▶ TASK INSTRUCTIONS
Copy the data exactly as it appears, and do not include any pictures.

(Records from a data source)
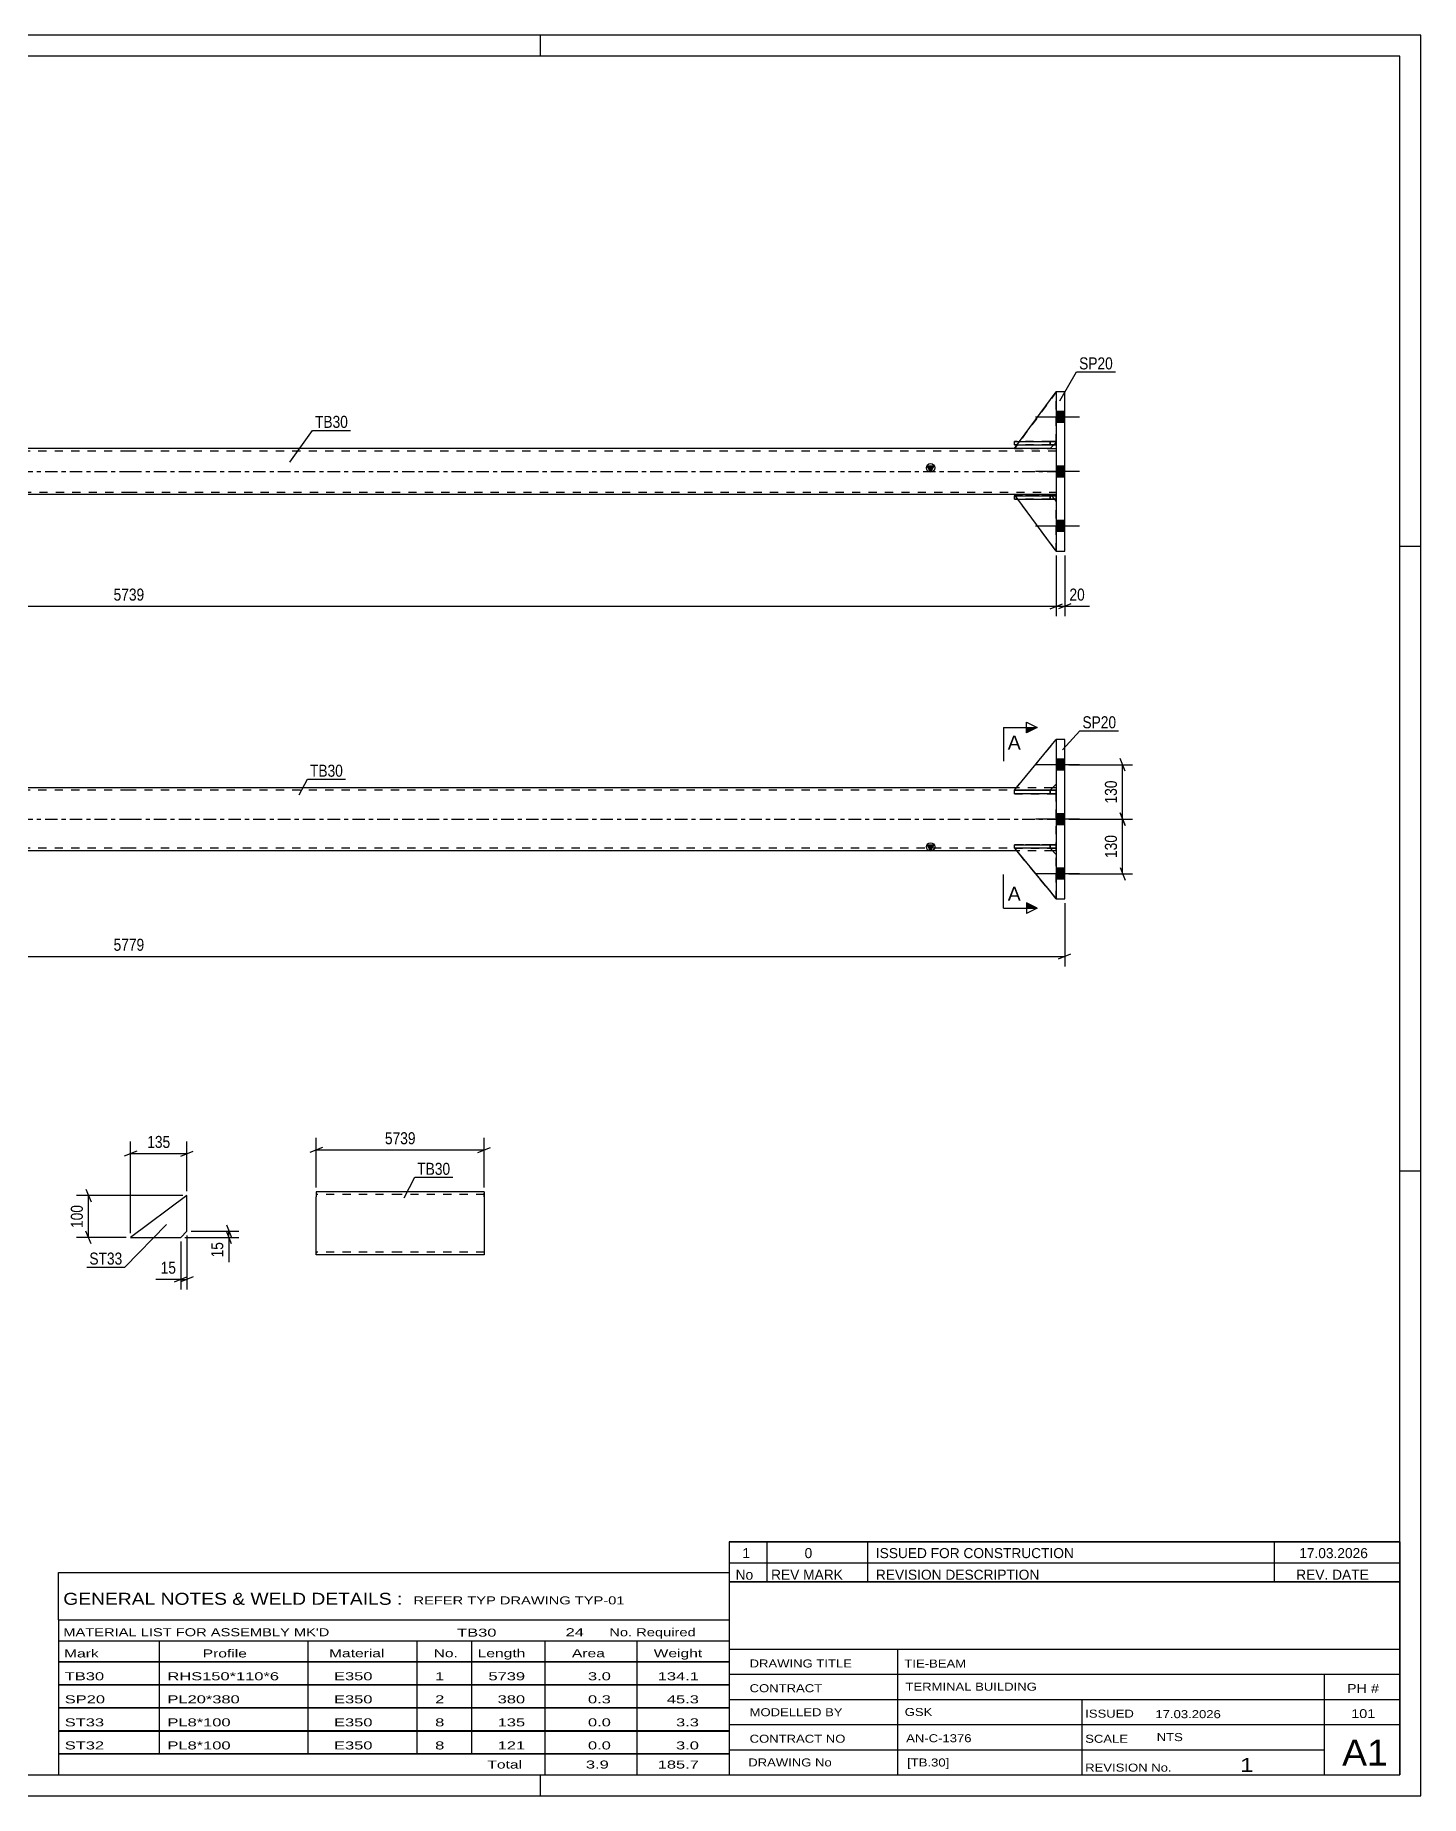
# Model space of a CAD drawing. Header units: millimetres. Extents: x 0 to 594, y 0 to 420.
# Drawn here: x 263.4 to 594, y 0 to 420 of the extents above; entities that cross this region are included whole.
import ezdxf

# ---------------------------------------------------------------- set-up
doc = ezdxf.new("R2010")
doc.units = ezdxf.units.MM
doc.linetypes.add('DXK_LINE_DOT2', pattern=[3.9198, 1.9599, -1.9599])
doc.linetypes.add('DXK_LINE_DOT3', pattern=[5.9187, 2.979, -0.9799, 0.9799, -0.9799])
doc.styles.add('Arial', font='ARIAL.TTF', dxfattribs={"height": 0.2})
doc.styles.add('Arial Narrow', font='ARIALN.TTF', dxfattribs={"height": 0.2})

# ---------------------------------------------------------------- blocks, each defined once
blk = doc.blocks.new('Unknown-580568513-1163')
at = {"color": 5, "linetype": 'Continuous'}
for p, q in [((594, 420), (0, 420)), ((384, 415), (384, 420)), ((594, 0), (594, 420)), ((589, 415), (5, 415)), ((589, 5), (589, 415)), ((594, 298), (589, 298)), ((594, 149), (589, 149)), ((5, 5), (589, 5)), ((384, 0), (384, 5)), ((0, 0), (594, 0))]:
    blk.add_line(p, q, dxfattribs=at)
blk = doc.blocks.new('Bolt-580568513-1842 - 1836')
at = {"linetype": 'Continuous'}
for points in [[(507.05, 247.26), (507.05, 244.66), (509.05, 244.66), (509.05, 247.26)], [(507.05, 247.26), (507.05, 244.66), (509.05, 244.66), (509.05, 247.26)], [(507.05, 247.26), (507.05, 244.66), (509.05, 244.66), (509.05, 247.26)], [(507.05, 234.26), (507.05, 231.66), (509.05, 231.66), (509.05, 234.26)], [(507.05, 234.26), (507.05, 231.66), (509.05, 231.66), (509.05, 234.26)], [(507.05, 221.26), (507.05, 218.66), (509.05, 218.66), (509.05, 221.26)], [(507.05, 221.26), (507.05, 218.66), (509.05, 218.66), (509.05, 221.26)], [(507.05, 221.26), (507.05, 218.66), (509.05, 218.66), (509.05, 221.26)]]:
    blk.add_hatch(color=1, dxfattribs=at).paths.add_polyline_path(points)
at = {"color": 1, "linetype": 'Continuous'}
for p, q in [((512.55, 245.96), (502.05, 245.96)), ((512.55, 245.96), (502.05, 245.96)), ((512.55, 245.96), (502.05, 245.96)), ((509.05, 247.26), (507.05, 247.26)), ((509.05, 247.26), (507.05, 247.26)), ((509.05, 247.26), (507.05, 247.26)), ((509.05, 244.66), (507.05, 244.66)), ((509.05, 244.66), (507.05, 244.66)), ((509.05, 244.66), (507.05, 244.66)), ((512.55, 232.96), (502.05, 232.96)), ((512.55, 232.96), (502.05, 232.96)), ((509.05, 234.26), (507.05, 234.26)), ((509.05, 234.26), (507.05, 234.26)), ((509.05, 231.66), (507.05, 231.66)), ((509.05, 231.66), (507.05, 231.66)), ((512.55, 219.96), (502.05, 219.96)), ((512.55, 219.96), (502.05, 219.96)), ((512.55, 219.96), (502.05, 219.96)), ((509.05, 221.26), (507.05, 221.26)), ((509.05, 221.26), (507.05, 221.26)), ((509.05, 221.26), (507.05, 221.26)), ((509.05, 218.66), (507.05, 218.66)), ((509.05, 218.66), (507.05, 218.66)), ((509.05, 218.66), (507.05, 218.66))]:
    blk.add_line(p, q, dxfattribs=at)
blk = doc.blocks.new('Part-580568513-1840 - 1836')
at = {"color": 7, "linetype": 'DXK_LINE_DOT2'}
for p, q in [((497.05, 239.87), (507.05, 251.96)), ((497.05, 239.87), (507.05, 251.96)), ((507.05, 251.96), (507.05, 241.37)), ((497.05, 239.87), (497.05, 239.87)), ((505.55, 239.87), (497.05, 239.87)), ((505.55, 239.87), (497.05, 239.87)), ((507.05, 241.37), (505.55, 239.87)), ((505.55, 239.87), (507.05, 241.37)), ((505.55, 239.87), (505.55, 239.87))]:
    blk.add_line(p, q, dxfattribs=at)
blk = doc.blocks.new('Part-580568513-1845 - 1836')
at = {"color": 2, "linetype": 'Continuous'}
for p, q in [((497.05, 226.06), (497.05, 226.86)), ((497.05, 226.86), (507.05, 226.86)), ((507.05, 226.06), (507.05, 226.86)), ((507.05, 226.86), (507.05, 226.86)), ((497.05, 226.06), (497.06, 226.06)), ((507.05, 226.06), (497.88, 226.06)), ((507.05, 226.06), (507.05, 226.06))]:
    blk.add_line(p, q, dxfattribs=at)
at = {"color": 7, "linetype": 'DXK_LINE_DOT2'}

▶ REPLY TO THE EXERCISE
# Model space of a CAD drawing. Header units: millimetres. Extents: x 0 to 594, y 0 to 420.
# Drawn here: x 263.4 to 594, y 0 to 420 of the extents above; entities that cross this region are included whole.
import ezdxf

# ---------------------------------------------------------------- set-up
doc = ezdxf.new("R2010")
doc.units = ezdxf.units.MM
doc.linetypes.add('DXK_LINE_DOT2', pattern=[3.9198, 1.9599, -1.9599])
doc.linetypes.add('DXK_LINE_DOT3', pattern=[5.9187, 2.979, -0.9799, 0.9799, -0.9799])
doc.styles.add('Arial', font='ARIAL.TTF', dxfattribs={"height": 0.2})
doc.styles.add('Arial Narrow', font='ARIALN.TTF', dxfattribs={"height": 0.2})

# ---------------------------------------------------------------- blocks, each defined once
blk = doc.blocks.new('Unknown-580568513-1163')
at = {"color": 5, "linetype": 'Continuous'}
for p, q in [((594, 420), (0, 420)), ((384, 415), (384, 420)), ((594, 0), (594, 420)), ((589, 415), (5, 415)), ((589, 5), (589, 415)), ((594, 298), (589, 298)), ((594, 149), (589, 149)), ((5, 5), (589, 5)), ((384, 0), (384, 5)), ((0, 0), (594, 0))]:
    blk.add_line(p, q, dxfattribs=at)
blk = doc.blocks.new('Bolt-580568513-1842 - 1836')
at = {"linetype": 'Continuous'}
for points in [[(507.05, 247.26), (507.05, 244.66), (509.05, 244.66), (509.05, 247.26)], [(507.05, 247.26), (507.05, 244.66), (509.05, 244.66), (509.05, 247.26)], [(507.05, 247.26), (507.05, 244.66), (509.05, 244.66), (509.05, 247.26)], [(507.05, 234.26), (507.05, 231.66), (509.05, 231.66), (509.05, 234.26)], [(507.05, 234.26), (507.05, 231.66), (509.05, 231.66), (509.05, 234.26)], [(507.05, 221.26), (507.05, 218.66), (509.05, 218.66), (509.05, 221.26)], [(507.05, 221.26), (507.05, 218.66), (509.05, 218.66), (509.05, 221.26)], [(507.05, 221.26), (507.05, 218.66), (509.05, 218.66), (509.05, 221.26)]]:
    blk.add_hatch(color=1, dxfattribs=at).paths.add_polyline_path(points)
at = {"color": 1, "linetype": 'Continuous'}
for p, q in [((512.55, 245.96), (502.05, 245.96)), ((512.55, 245.96), (502.05, 245.96)), ((512.55, 245.96), (502.05, 245.96)), ((509.05, 247.26), (507.05, 247.26)), ((509.05, 247.26), (507.05, 247.26)), ((509.05, 247.26), (507.05, 247.26)), ((509.05, 244.66), (507.05, 244.66)), ((509.05, 244.66), (507.05, 244.66)), ((509.05, 244.66), (507.05, 244.66)), ((512.55, 232.96), (502.05, 232.96)), ((512.55, 232.96), (502.05, 232.96)), ((509.05, 234.26), (507.05, 234.26)), ((509.05, 234.26), (507.05, 234.26)), ((509.05, 231.66), (507.05, 231.66)), ((509.05, 231.66), (507.05, 231.66)), ((512.55, 219.96), (502.05, 219.96)), ((512.55, 219.96), (502.05, 219.96)), ((512.55, 219.96), (502.05, 219.96)), ((509.05, 221.26), (507.05, 221.26)), ((509.05, 221.26), (507.05, 221.26)), ((509.05, 221.26), (507.05, 221.26)), ((509.05, 218.66), (507.05, 218.66)), ((509.05, 218.66), (507.05, 218.66)), ((509.05, 218.66), (507.05, 218.66))]:
    blk.add_line(p, q, dxfattribs=at)
blk = doc.blocks.new('Part-580568513-1840 - 1836')
at = {"color": 7, "linetype": 'DXK_LINE_DOT2'}
for p, q in [((497.05, 239.87), (507.05, 251.96)), ((497.05, 239.87), (507.05, 251.96)), ((507.05, 251.96), (507.05, 241.37)), ((497.05, 239.87), (497.05, 239.87)), ((505.55, 239.87), (497.05, 239.87)), ((505.55, 239.87), (497.05, 239.87)), ((507.05, 241.37), (505.55, 239.87)), ((505.55, 239.87), (507.05, 241.37)), ((505.55, 239.87), (505.55, 239.87))]:
    blk.add_line(p, q, dxfattribs=at)
blk = doc.blocks.new('Part-580568513-1845 - 1836')
at = {"color": 2, "linetype": 'Continuous'}
for p, q in [((497.05, 226.06), (497.05, 226.86)), ((497.05, 226.86), (507.05, 226.86)), ((507.05, 226.06), (507.05, 226.86)), ((507.05, 226.86), (507.05, 226.86)), ((497.05, 226.06), (497.06, 226.06)), ((507.05, 226.06), (497.88, 226.06)), ((507.05, 226.06), (507.05, 226.06))]:
    blk.add_line(p, q, dxfattribs=at)
at = {"color": 7, "linetype": 'DXK_LINE_DOT2'}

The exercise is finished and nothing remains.